### EXERCISE DESCRIPTION
Beneath this line are the data; copy exactly the part of them that opens with the line containing "#32=ORIENTED_EDGE('',*,*,#31,.T.);" and closes with the line containing "#79=FACE_BOUND('',#78,.T.);", and only that part.

### DATA

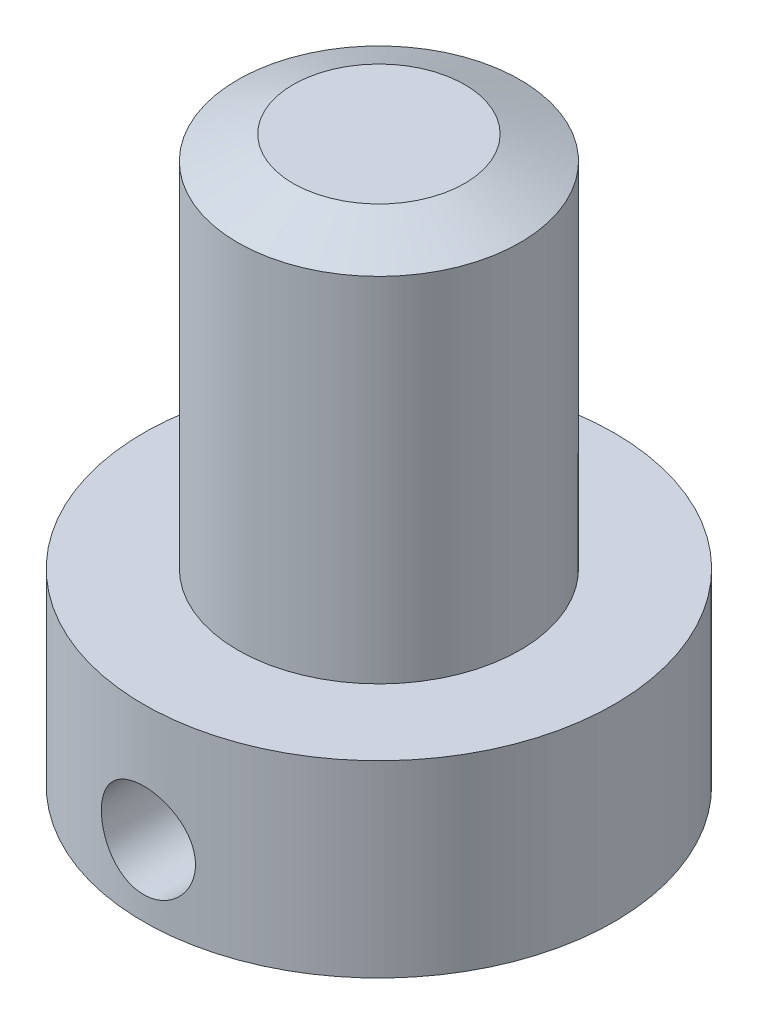
ISO-10303-21;
HEADER;
FILE_DESCRIPTION(('STEP AP214'),'2;1');
FILE_NAME('part.step','',(''),(''),'','','');
FILE_SCHEMA(('AUTOMOTIVE_DESIGN { 1 0 10303 214 1 1 1 1 }'));
ENDSEC;
DATA;
#1=APPLICATION_CONTEXT('core data for automotive mechanical design processes');
#2=APPLICATION_PROTOCOL_DEFINITION('international standard','automotive_design',2000,#1);
#3=PRODUCT_CONTEXT('',#1,'mechanical');
#4=PRODUCT('Part','Part','',(#3));
#5=PRODUCT_RELATED_PRODUCT_CATEGORY('part','',(#4));
#6=PRODUCT_DEFINITION_FORMATION('','',#4);
#7=PRODUCT_DEFINITION_CONTEXT('part definition',#1,'design');
#8=PRODUCT_DEFINITION('design','',#6,#7);
#9=PRODUCT_DEFINITION_SHAPE('','',#8);
#10=(LENGTH_UNIT() NAMED_UNIT(*) SI_UNIT(.MILLI.,.METRE.));
#11=(NAMED_UNIT(*) PLANE_ANGLE_UNIT() SI_UNIT($,.RADIAN.));
#12=(NAMED_UNIT(*) SI_UNIT($,.STERADIAN.) SOLID_ANGLE_UNIT());
#13=UNCERTAINTY_MEASURE_WITH_UNIT(LENGTH_MEASURE(1.E-05),#10,'distance_accuracy_value','');
#14=(GEOMETRIC_REPRESENTATION_CONTEXT(3) GLOBAL_UNCERTAINTY_ASSIGNED_CONTEXT((#13)) GLOBAL_UNIT_ASSIGNED_CONTEXT((#10,
#11,#12)) REPRESENTATION_CONTEXT('',''));
#15=CARTESIAN_POINT('',(0.,0.,0.));
#16=DIRECTION('',(0.,0.,1.));
#17=DIRECTION('',(1.,0.,0.));
#18=AXIS2_PLACEMENT_3D('',#15,#16,#17);
#19=CARTESIAN_POINT('',(0.,8.,0.));
#20=DIRECTION('',(0.,-1.,0.));
#21=DIRECTION('',(0.,0.,-1.));
#22=AXIS2_PLACEMENT_3D('',#19,#20,#21);
#23=CYLINDRICAL_SURFACE('',#22,3.);
#24=CARTESIAN_POINT('',(0.,7.5,0.));
#25=DIRECTION('',(0.,1.,0.));
#26=DIRECTION('',(0.,0.,1.));
#27=AXIS2_PLACEMENT_3D('',#24,#25,#26);
#28=CIRCLE('',#27,3.);
#29=CARTESIAN_POINT('',(0.,7.5,3.));
#30=VERTEX_POINT('',#29);
#31=EDGE_CURVE('E10',#30,#30,#28,.F.);
#32=ORIENTED_EDGE('',*,*,#31,.T.);
#33=EDGE_LOOP('',(#32));
#34=FACE_BOUND('',#33,.T.);
#35=CARTESIAN_POINT('',(0.,0.,0.));
#36=DIRECTION('',(0.,1.,0.));
#37=DIRECTION('',(0.,0.,1.));
#38=AXIS2_PLACEMENT_3D('',#35,#36,#37);
#39=CIRCLE('',#38,3.);
#40=CARTESIAN_POINT('',(0.,0.,3.));
#41=VERTEX_POINT('',#40);
#42=EDGE_CURVE('E119',#41,#41,#39,.T.);
#43=ORIENTED_EDGE('',*,*,#42,.T.);
#44=EDGE_LOOP('',(#43));
#45=FACE_BOUND('',#44,.T.);
#46=ADVANCED_FACE('F34',(#34,#45),#23,.T.);
#47=CARTESIAN_POINT('',(0.,8.,0.));
#48=DIRECTION('',(0.,1.,0.));
#49=DIRECTION('',(0.,0.,1.));
#50=AXIS2_PLACEMENT_3D('',#47,#48,#49);
#51=PLANE('',#50);
#52=CARTESIAN_POINT('',(0.,8.,0.));
#53=DIRECTION('',(0.,1.,0.));
#54=DIRECTION('',(0.,0.,1.));
#55=AXIS2_PLACEMENT_3D('',#52,#53,#54);
#56=CIRCLE('',#55,1.82207381708812);
#57=CARTESIAN_POINT('',(0.,8.,1.82207381708812));
#58=VERTEX_POINT('',#57);
#59=EDGE_CURVE('E45',#58,#58,#56,.T.);
#60=ORIENTED_EDGE('',*,*,#59,.T.);
#61=EDGE_LOOP('',(#60));
#62=FACE_BOUND('',#61,.T.);
#63=ADVANCED_FACE('F89',(#62),#51,.T.);
#64=CARTESIAN_POINT('',(0.,-5.,0.));
#65=DIRECTION('',(0.,1.,0.));
#66=DIRECTION('',(0.,0.,1.));
#67=AXIS2_PLACEMENT_3D('',#64,#65,#66);
#68=CYLINDRICAL_SURFACE('',#67,5.);
#69=CARTESIAN_POINT('',(0.,-4.,0.));
#70=DIRECTION('',(0.,-1.,0.));
#71=DIRECTION('',(0.,0.,-1.));
#72=AXIS2_PLACEMENT_3D('',#69,#70,#71);
#73=CIRCLE('',#72,5.);
#74=CARTESIAN_POINT('',(0.,-4.,-5.));
#75=VERTEX_POINT('',#74);
#76=EDGE_CURVE('E46',#75,#75,#73,.F.);
#77=ORIENTED_EDGE('',*,*,#76,.T.);
#78=EDGE_LOOP('',(#77));
#79=FACE_BOUND('',#78,.T.);
#80=CARTESIAN_POINT('',(0.,-1.5,-5.));
#81=CARTESIAN_POINT('',(-0.0555769067926332,-1.50000204449835,-4.99999897580871));
#82=CARTESIAN_POINT('',(-0.111179660201522,-1.50464884296765,-4.99906385178231));
#83=CARTESIAN_POINT('',(-0.220813507689019,-1.52309850011525,-4.99542365623231));
#84=CARTESIAN_POINT('',(-0.274843317541356,-1.53690863280151,-4.99271717860186));
#85=CARTESIAN_POINT('',(-0.379730305263313,-1.57324127362079,-4.98583649278287));
#86=CARTESIAN_POINT('',(-0.430590467933134,-1.59575543684469,-4.98166369076718));
#87=CARTESIAN_POINT('',(-0.527807988864225,-1.64883224751129,-4.97230398035314));
#88=CARTESIAN_POINT('',(-0.574165615075812,-1.67939441560721,-4.96711713235707));
#89=CARTESIAN_POINT('',(-0.661693477314865,-1.74813849429143,-4.9562216532997));
#90=CARTESIAN_POINT('',(-0.702793951158524,-1.7864083553912,-4.95050745504347));
#91=CARTESIAN_POINT('',(-0.778036756608028,-1.8692924163917,-4.93924180452588));
#92=CARTESIAN_POINT('',(-0.812178544770425,-1.91390711133512,-4.93369036500424));
#93=CARTESIAN_POINT('',(-0.87283175334762,-2.00871619301188,-4.92332441812615));
#94=CARTESIAN_POINT('',(-0.899270938865866,-2.05895764379636,-4.91851707364946));
#95=CARTESIAN_POINT('',(-0.943305666580308,-2.16328181900408,-4.91026268058418));
#96=CARTESIAN_POINT('',(-0.960902082437238,-2.21736416334634,-4.90681549761962));
#97=CARTESIAN_POINT('',(-0.986525299884827,-2.32708436390792,-4.90172805252204));
#98=CARTESIAN_POINT('',(-0.994674497958777,-2.38269254414223,-4.90006470107188));
#99=CARTESIAN_POINT('',(-1.00155212772612,-2.49450982136434,-4.89866375060627));
#100=CARTESIAN_POINT('',(-1.0002815227135,-2.55071885632014,-4.89892595467841));
#101=CARTESIAN_POINT('',(-0.988454573101819,-2.661246788021,-4.90132551148185));
#102=CARTESIAN_POINT('',(-0.978038540243905,-2.71558140562731,-4.90343452858763));
#103=CARTESIAN_POINT('',(-0.94843788462305,-2.821716076663,-4.90924546160001));
#104=CARTESIAN_POINT('',(-0.929252843100681,-2.87351600891901,-4.91294745357779));
#105=CARTESIAN_POINT('',(-0.88252478367472,-2.9735152617036,-4.92155618500408));
#106=CARTESIAN_POINT('',(-0.854926151232115,-3.02168787956917,-4.92647089813704));
#107=CARTESIAN_POINT('',(-0.792193574572679,-3.11277084997281,-4.93694618773062));
#108=CARTESIAN_POINT('',(-0.757058764356829,-3.15568059685116,-4.94250683838366));
#109=CARTESIAN_POINT('',(-0.679499934560584,-3.23582940245694,-4.95377021241462));
#110=CARTESIAN_POINT('',(-0.636956161212445,-3.27295256785913,-4.95947369210905));
#111=CARTESIAN_POINT('',(-0.54618502406201,-3.33955384630122,-4.97028848714408));
#112=CARTESIAN_POINT('',(-0.497957587379389,-3.36903186129358,-4.97539979488974));
#113=CARTESIAN_POINT('',(-0.397059386878921,-3.41952750922597,-4.98446690160887));
#114=CARTESIAN_POINT('',(-0.3443818195853,-3.44053189364454,-4.98842088848272));
#115=CARTESIAN_POINT('',(-0.236148976448665,-3.47336047403857,-4.99471408987858));
#116=CARTESIAN_POINT('',(-0.180594050072449,-3.48518578207363,-4.99705350000531));
#117=CARTESIAN_POINT('',(-0.0691794056271502,-3.49915645379428,-4.99982671866868));
#118=CARTESIAN_POINT('',(-0.0133403283255759,-3.50146041954027,-5.0002917465247));
#119=CARTESIAN_POINT('',(0.0979249341927142,-3.49675014105782,-4.99935051930103));
#120=CARTESIAN_POINT('',(0.153351142443793,-3.4897364206474,-4.99794436941446));
#121=CARTESIAN_POINT('',(0.261705659946541,-3.46672162645604,-4.99343832008018));
#122=CARTESIAN_POINT('',(0.314651948339903,-3.4508019315021,-4.99035376404206));
#123=CARTESIAN_POINT('',(0.417123627499667,-3.41051601734419,-4.98283552061033));
#124=CARTESIAN_POINT('',(0.466648761637539,-3.38614916532317,-4.97840173214227));
#125=CARTESIAN_POINT('',(0.561541173686217,-3.32931750934869,-4.96859911533294));
#126=CARTESIAN_POINT('',(0.606850126752188,-3.29675721896105,-4.96321950437052));
#127=CARTESIAN_POINT('',(0.691418019119207,-3.22459080879272,-4.95214734829882));
#128=CARTESIAN_POINT('',(0.730676308930762,-3.18498393360013,-4.94645476968388));
#129=CARTESIAN_POINT('',(0.802640590774176,-3.09912664810888,-4.93529303556965));
#130=CARTESIAN_POINT('',(0.835237702448655,-3.05278425577866,-4.92982860233304));
#131=CARTESIAN_POINT('',(0.892185420051205,-2.95518863864332,-4.91984191796194));
#132=CARTESIAN_POINT('',(0.916536355922903,-2.90393561042645,-4.91531962913342));
#133=CARTESIAN_POINT('',(0.95615184158196,-2.79823175385045,-4.90776740584383));
#134=CARTESIAN_POINT('',(0.971463499791051,-2.74379915878968,-4.90472974872187));
#135=CARTESIAN_POINT('',(0.992708651627196,-2.6330665465091,-4.90047436792025));
#136=CARTESIAN_POINT('',(0.998643368225112,-2.57676677379065,-4.89925640691111));
#137=CARTESIAN_POINT('',(1.00092091086747,-2.46499113545568,-4.89879149631379));
#138=CARTESIAN_POINT('',(0.997435788070896,-2.40951885107299,-4.89950919189301));
#139=CARTESIAN_POINT('',(0.981352304100061,-2.29996835009497,-4.90275573484614));
#140=CARTESIAN_POINT('',(0.968754016129298,-2.2458901223052,-4.90528456767169));
#141=CARTESIAN_POINT('',(0.934878568498954,-2.14077228875946,-4.91185264219159));
#142=CARTESIAN_POINT('',(0.913622506717345,-2.08972563949758,-4.91588821018831));
#143=CARTESIAN_POINT('',(0.863054644601604,-1.99189627926556,-4.9250171497417));
#144=CARTESIAN_POINT('',(0.833742168774882,-1.94511392627486,-4.93011060998894));
#145=CARTESIAN_POINT('',(0.767305914786414,-1.85628442784969,-4.94088960523225));
#146=CARTESIAN_POINT('',(0.73005788723518,-1.8143312347324,-4.94658372909699));
#147=CARTESIAN_POINT('',(0.64906436901314,-1.73721379447083,-4.95786081871955));
#148=CARTESIAN_POINT('',(0.605317387153335,-1.70205110968273,-4.96344375863184));
#149=CARTESIAN_POINT('',(0.512017629088246,-1.63916535605355,-4.97393832387971));
#150=CARTESIAN_POINT('',(0.462408884429835,-1.61152399671997,-4.97884231219246));
#151=CARTESIAN_POINT('',(0.359166360940732,-1.56501387740341,-4.98735125085));
#152=CARTESIAN_POINT('',(0.305536260863126,-1.54613721046751,-4.99095737138616));
#153=CARTESIAN_POINT('',(0.209821488923779,-1.52134805195528,-4.99576372595371));
#154=CARTESIAN_POINT('',(0.168281664013784,-1.51335680629224,-4.99734303158452));
#155=CARTESIAN_POINT('',(0.0844995252100668,-1.50268208764164,-4.99946154139893));
#156=CARTESIAN_POINT('',(0.0422572337486189,-1.49999844549023,-5.00000077873155));
#157=CARTESIAN_POINT('',(0.,-1.5,-5.));
#158=B_SPLINE_CURVE_WITH_KNOTS('',3,(#80,#81,#82,#83,#84,#85,#86,#87,#88,#89,#90,#91,#92,#93,
#94,#95,#96,#97,#98,#99,#100,#101,#102,#103,#104,#105,#106,#107,#108,#109,#110,#111,#112,#113,
#114,#115,#116,#117,#118,#119,#120,#121,#122,#123,#124,#125,#126,#127,#128,#129,#130,#131,#132,
#133,#134,#135,#136,#137,#138,#139,#140,#141,#142,#143,#144,#145,#146,#147,#148,#149,#150,#151,
#152,#153,#154,#155,#156,#157),.UNSPECIFIED.,.T.,.F.,(4,2,2,2,2,2,2,2,2,2,2,2,2,2,2,2,2,2,2,2,2,
2,2,2,2,2,2,2,2,2,2,2,2,2,2,2,2,2,4),(0.,0.166576130661258,0.333284650691323,0.499833735250341,
0.666372902230863,0.834932670112186,1.00350559674737,1.17361195005923,1.34370149365197,
1.51156185103587,1.67940504281225,1.84471727006278,2.0100373925373,2.17647490203593,
2.3429315474967,2.51238252491351,2.6818356753982,2.85155274854024,3.02124925698036,
3.18810735676265,3.35495607657868,3.52030453950723,3.68566539216022,3.85305066033359,
4.0204538834593,4.19040628579226,4.36035188723466,4.52940381032723,4.69843368330415,
4.86439722567701,5.03035943492608,5.1959196125311,5.36149367581867,5.52988076239143,
5.6983065453293,5.86849496675637,6.03852955517519,6.16518775289894,6.29184191370996),.UNSPECIFIED.);
#159=CARTESIAN_POINT('',(0.,-1.5,-5.));
#160=VERTEX_POINT('',#159);
#161=EDGE_CURVE('E54',#160,#160,#158,.T.);
#162=ORIENTED_EDGE('',*,*,#161,.T.);
#163=EDGE_LOOP('',(#162));
#164=FACE_BOUND('',#163,.T.);
#165=CARTESIAN_POINT('',(0.,-3.5,5.));
#166=CARTESIAN_POINT('',(-0.0555769067926332,-3.49999795550165,4.99999897580871));
#167=CARTESIAN_POINT('',(-0.111179660201522,-3.49535115703235,4.99906385178231));
#168=CARTESIAN_POINT('',(-0.220813507689019,-3.47690149988475,4.99542365623231));
#169=CARTESIAN_POINT('',(-0.274843317541356,-3.46309136719849,4.99271717860186));
#170=CARTESIAN_POINT('',(-0.379730305263313,-3.42675872637921,4.98583649278287));
#171=CARTESIAN_POINT('',(-0.430590467933134,-3.40424456315531,4.98166369076718));
#172=CARTESIAN_POINT('',(-0.527807988864225,-3.35116775248871,4.97230398035314));
#173=CARTESIAN_POINT('',(-0.574165615075812,-3.3206055843928,4.96711713235707));
#174=CARTESIAN_POINT('',(-0.661693477314865,-3.25186150570857,4.9562216532997));
#175=CARTESIAN_POINT('',(-0.702793951158524,-3.2135916446088,4.95050745504347));
#176=CARTESIAN_POINT('',(-0.778036756608028,-3.1307075836083,4.93924180452588));
#177=CARTESIAN_POINT('',(-0.812178544770424,-3.08609288866488,4.93369036500424));
#178=CARTESIAN_POINT('',(-0.87283175334762,-2.99128380698813,4.92332441812615));
#179=CARTESIAN_POINT('',(-0.899270938865866,-2.94104235620364,4.91851707364946));
#180=CARTESIAN_POINT('',(-0.943305666580308,-2.83671818099592,4.91026268058418));
#181=CARTESIAN_POINT('',(-0.960902082437238,-2.78263583665366,4.90681549761962));
#182=CARTESIAN_POINT('',(-0.986525299884827,-2.67291563609208,4.90172805252204));
#183=CARTESIAN_POINT('',(-0.994674497958777,-2.61730745585777,4.90006470107188));
#184=CARTESIAN_POINT('',(-1.00155212772612,-2.50549017863566,4.89866375060627));
#185=CARTESIAN_POINT('',(-1.0002815227135,-2.44928114367986,4.89892595467841));
#186=CARTESIAN_POINT('',(-0.988454573101819,-2.338753211979,4.90132551148185));
#187=CARTESIAN_POINT('',(-0.978038540243905,-2.28441859437269,4.90343452858763));
#188=CARTESIAN_POINT('',(-0.948437884623051,-2.178283923337,4.90924546160001));
#189=CARTESIAN_POINT('',(-0.929252843100681,-2.12648399108099,4.91294745357779));
#190=CARTESIAN_POINT('',(-0.88252478367472,-2.0264847382964,4.92155618500408));
#191=CARTESIAN_POINT('',(-0.854926151232115,-1.97831212043083,4.92647089813704));
#192=CARTESIAN_POINT('',(-0.792193574572679,-1.88722915002719,4.93694618773062));
#193=CARTESIAN_POINT('',(-0.757058764356829,-1.84431940314884,4.94250683838366));
#194=CARTESIAN_POINT('',(-0.679499934560584,-1.76417059754306,4.95377021241462));
#195=CARTESIAN_POINT('',(-0.636956161212445,-1.72704743214087,4.95947369210905));
#196=CARTESIAN_POINT('',(-0.54618502406201,-1.66044615369878,4.97028848714408));
#197=CARTESIAN_POINT('',(-0.49795758737939,-1.63096813870642,4.97539979488974));
#198=CARTESIAN_POINT('',(-0.397059386878921,-1.58047249077403,4.98446690160887));
#199=CARTESIAN_POINT('',(-0.3443818195853,-1.55946810635546,4.98842088848272));
#200=CARTESIAN_POINT('',(-0.236148976448665,-1.52663952596143,4.99471408987858));
#201=CARTESIAN_POINT('',(-0.18059405007245,-1.51481421792637,4.99705350000531));
#202=CARTESIAN_POINT('',(-0.0691794056271505,-1.50084354620572,4.99982671866868));
#203=CARTESIAN_POINT('',(-0.0133403283255763,-1.49853958045973,5.0002917465247));
#204=CARTESIAN_POINT('',(0.097924934192714,-1.50324985894218,4.99935051930103));
#205=CARTESIAN_POINT('',(0.153351142443793,-1.5102635793526,4.99794436941446));
#206=CARTESIAN_POINT('',(0.261705659946541,-1.53327837354396,4.99343832008018));
#207=CARTESIAN_POINT('',(0.314651948339903,-1.5491980684979,4.99035376404206));
#208=CARTESIAN_POINT('',(0.417123627499667,-1.58948398265581,4.98283552061033));
#209=CARTESIAN_POINT('',(0.466648761637539,-1.61385083467683,4.97840173214227));
#210=CARTESIAN_POINT('',(0.561541173686217,-1.67068249065131,4.96859911533294));
#211=CARTESIAN_POINT('',(0.606850126752188,-1.70324278103895,4.96321950437052));
#212=CARTESIAN_POINT('',(0.691418019119207,-1.77540919120728,4.95214734829882));
#213=CARTESIAN_POINT('',(0.730676308930762,-1.81501606639987,4.94645476968388));
#214=CARTESIAN_POINT('',(0.802640590774176,-1.90087335189112,4.93529303556965));
#215=CARTESIAN_POINT('',(0.835237702448655,-1.94721574422134,4.92982860233304));
#216=CARTESIAN_POINT('',(0.892185420051205,-2.04481136135668,4.91984191796194));
#217=CARTESIAN_POINT('',(0.916536355922902,-2.09606438957355,4.91531962913342));
#218=CARTESIAN_POINT('',(0.95615184158196,-2.20176824614955,4.90776740584383));
#219=CARTESIAN_POINT('',(0.971463499791051,-2.25620084121032,4.90472974872187));
#220=CARTESIAN_POINT('',(0.992708651627196,-2.3669334534909,4.90047436792025));
#221=CARTESIAN_POINT('',(0.998643368225112,-2.42323322620935,4.89925640691111));
#222=CARTESIAN_POINT('',(1.00092091086747,-2.53500886454432,4.89879149631379));
#223=CARTESIAN_POINT('',(0.997435788070896,-2.59048114892701,4.89950919189301));
#224=CARTESIAN_POINT('',(0.981352304100061,-2.70003164990503,4.90275573484614));
#225=CARTESIAN_POINT('',(0.968754016129298,-2.7541098776948,4.90528456767169));
#226=CARTESIAN_POINT('',(0.934878568498954,-2.85922771124054,4.91185264219159));
#227=CARTESIAN_POINT('',(0.913622506717345,-2.91027436050242,4.91588821018831));
#228=CARTESIAN_POINT('',(0.863054644601604,-3.00810372073444,4.9250171497417));
#229=CARTESIAN_POINT('',(0.833742168774882,-3.05488607372514,4.93011060998894));
#230=CARTESIAN_POINT('',(0.767305914786414,-3.14371557215031,4.94088960523225));
#231=CARTESIAN_POINT('',(0.730057887235181,-3.1856687652676,4.94658372909699));
#232=CARTESIAN_POINT('',(0.649064369013141,-3.26278620552917,4.95786081871955));
#233=CARTESIAN_POINT('',(0.605317387153335,-3.29794889031727,4.96344375863184));
#234=CARTESIAN_POINT('',(0.512017629088247,-3.36083464394645,4.97393832387971));
#235=CARTESIAN_POINT('',(0.462408884429835,-3.38847600328003,4.97884231219246));
#236=CARTESIAN_POINT('',(0.359166360940733,-3.43498612259659,4.98735125085));
#237=CARTESIAN_POINT('',(0.305536260863126,-3.45386278953249,4.99095737138616));
#238=CARTESIAN_POINT('',(0.209821488923779,-3.47865194804472,4.99576372595371));
#239=CARTESIAN_POINT('',(0.168281664013785,-3.48664319370776,4.99734303158452));
#240=CARTESIAN_POINT('',(0.084499525210067,-3.49731791235836,4.99946154139893));
#241=CARTESIAN_POINT('',(0.042257233748619,-3.50000155450977,5.00000077873155));
#242=CARTESIAN_POINT('',(0.,-3.5,5.));
#243=B_SPLINE_CURVE_WITH_KNOTS('',3,(#165,#166,#167,#168,#169,#170,#171,#172,#173,#174,#175,
#176,#177,#178,#179,#180,#181,#182,#183,#184,#185,#186,#187,#188,#189,#190,#191,#192,#193,#194,
#195,#196,#197,#198,#199,#200,#201,#202,#203,#204,#205,#206,#207,#208,#209,#210,#211,#212,#213,
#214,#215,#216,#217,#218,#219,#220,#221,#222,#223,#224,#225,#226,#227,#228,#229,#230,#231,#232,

### EXERCISE OUTPUT
#32=ORIENTED_EDGE('',*,*,#31,.T.);
#33=EDGE_LOOP('',(#32));
#34=FACE_BOUND('',#33,.T.);
#35=CARTESIAN_POINT('',(0.,0.,0.));
#36=DIRECTION('',(0.,1.,0.));
#37=DIRECTION('',(0.,0.,1.));
#38=AXIS2_PLACEMENT_3D('',#35,#36,#37);
#39=CIRCLE('',#38,3.);
#40=CARTESIAN_POINT('',(0.,0.,3.));
#41=VERTEX_POINT('',#40);
#42=EDGE_CURVE('E119',#41,#41,#39,.T.);
#43=ORIENTED_EDGE('',*,*,#42,.T.);
#44=EDGE_LOOP('',(#43));
#45=FACE_BOUND('',#44,.T.);
#46=ADVANCED_FACE('F34',(#34,#45),#23,.T.);
#47=CARTESIAN_POINT('',(0.,8.,0.));
#48=DIRECTION('',(0.,1.,0.));
#49=DIRECTION('',(0.,0.,1.));
#50=AXIS2_PLACEMENT_3D('',#47,#48,#49);
#51=PLANE('',#50);
#52=CARTESIAN_POINT('',(0.,8.,0.));
#53=DIRECTION('',(0.,1.,0.));
#54=DIRECTION('',(0.,0.,1.));
#55=AXIS2_PLACEMENT_3D('',#52,#53,#54);
#56=CIRCLE('',#55,1.82207381708812);
#57=CARTESIAN_POINT('',(0.,8.,1.82207381708812));
#58=VERTEX_POINT('',#57);
#59=EDGE_CURVE('E45',#58,#58,#56,.T.);
#60=ORIENTED_EDGE('',*,*,#59,.T.);
#61=EDGE_LOOP('',(#60));
#62=FACE_BOUND('',#61,.T.);
#63=ADVANCED_FACE('F89',(#62),#51,.T.);
#64=CARTESIAN_POINT('',(0.,-5.,0.));
#65=DIRECTION('',(0.,1.,0.));
#66=DIRECTION('',(0.,0.,1.));
#67=AXIS2_PLACEMENT_3D('',#64,#65,#66);
#68=CYLINDRICAL_SURFACE('',#67,5.);
#69=CARTESIAN_POINT('',(0.,-4.,0.));
#70=DIRECTION('',(0.,-1.,0.));
#71=DIRECTION('',(0.,0.,-1.));
#72=AXIS2_PLACEMENT_3D('',#69,#70,#71);
#73=CIRCLE('',#72,5.);
#74=CARTESIAN_POINT('',(0.,-4.,-5.));
#75=VERTEX_POINT('',#74);
#76=EDGE_CURVE('E46',#75,#75,#73,.F.);
#77=ORIENTED_EDGE('',*,*,#76,.T.);
#78=EDGE_LOOP('',(#77));
#79=FACE_BOUND('',#78,.T.);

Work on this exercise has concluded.